> _DESCRIPTION OF THE TASK_:
Among the entries below, please repeat exactly and only the lines from the line containing "Commit message: Added" to the line containing "[diagram v2a: part of the schematic, before]", both lines included.

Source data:
*-*-*
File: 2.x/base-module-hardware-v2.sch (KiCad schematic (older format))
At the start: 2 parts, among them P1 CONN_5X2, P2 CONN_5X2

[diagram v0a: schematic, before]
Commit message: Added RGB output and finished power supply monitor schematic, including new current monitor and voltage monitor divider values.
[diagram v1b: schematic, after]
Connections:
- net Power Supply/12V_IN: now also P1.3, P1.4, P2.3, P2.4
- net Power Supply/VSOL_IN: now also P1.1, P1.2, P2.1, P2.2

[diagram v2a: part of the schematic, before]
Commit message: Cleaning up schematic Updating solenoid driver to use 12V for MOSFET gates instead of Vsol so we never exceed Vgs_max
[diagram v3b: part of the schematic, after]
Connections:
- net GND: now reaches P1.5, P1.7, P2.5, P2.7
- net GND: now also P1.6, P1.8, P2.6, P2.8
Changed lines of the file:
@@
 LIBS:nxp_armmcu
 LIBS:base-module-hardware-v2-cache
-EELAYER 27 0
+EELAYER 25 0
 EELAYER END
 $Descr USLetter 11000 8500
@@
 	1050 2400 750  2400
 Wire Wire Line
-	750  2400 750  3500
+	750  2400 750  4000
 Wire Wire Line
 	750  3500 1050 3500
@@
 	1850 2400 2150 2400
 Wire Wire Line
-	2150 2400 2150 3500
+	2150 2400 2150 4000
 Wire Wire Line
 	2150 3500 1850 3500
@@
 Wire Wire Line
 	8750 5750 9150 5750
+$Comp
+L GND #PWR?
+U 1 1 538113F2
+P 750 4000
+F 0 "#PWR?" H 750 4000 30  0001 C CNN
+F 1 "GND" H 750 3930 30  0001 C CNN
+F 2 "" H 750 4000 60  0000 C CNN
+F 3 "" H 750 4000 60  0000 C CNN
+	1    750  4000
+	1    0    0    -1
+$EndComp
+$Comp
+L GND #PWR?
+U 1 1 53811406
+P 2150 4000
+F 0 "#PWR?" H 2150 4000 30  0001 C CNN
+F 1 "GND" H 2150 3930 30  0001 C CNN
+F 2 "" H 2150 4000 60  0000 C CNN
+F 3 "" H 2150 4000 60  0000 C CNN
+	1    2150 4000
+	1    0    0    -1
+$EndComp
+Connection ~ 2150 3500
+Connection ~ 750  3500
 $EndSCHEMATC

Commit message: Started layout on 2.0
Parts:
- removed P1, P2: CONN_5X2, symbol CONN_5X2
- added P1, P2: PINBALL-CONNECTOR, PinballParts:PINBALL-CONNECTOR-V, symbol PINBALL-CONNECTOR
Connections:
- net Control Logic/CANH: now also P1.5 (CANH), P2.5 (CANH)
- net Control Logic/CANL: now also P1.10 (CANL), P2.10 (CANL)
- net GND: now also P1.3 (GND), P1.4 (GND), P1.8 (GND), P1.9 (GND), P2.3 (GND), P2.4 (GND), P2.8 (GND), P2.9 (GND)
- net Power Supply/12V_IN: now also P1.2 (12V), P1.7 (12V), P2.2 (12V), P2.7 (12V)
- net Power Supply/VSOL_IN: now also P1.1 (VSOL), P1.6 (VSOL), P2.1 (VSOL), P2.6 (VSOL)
*-*-*
> _EXERCISE ANSWER_:
Commit message: Added RGB output and finished power supply monitor schematic, including new current monitor and voltage monitor divider values.
[diagram v1b: schematic, after]
Connections:
- net Power Supply/12V_IN: now also P1.3, P1.4, P2.3, P2.4
- net Power Supply/VSOL_IN: now also P1.1, P1.2, P2.1, P2.2

[diagram v2a: part of the schematic, before]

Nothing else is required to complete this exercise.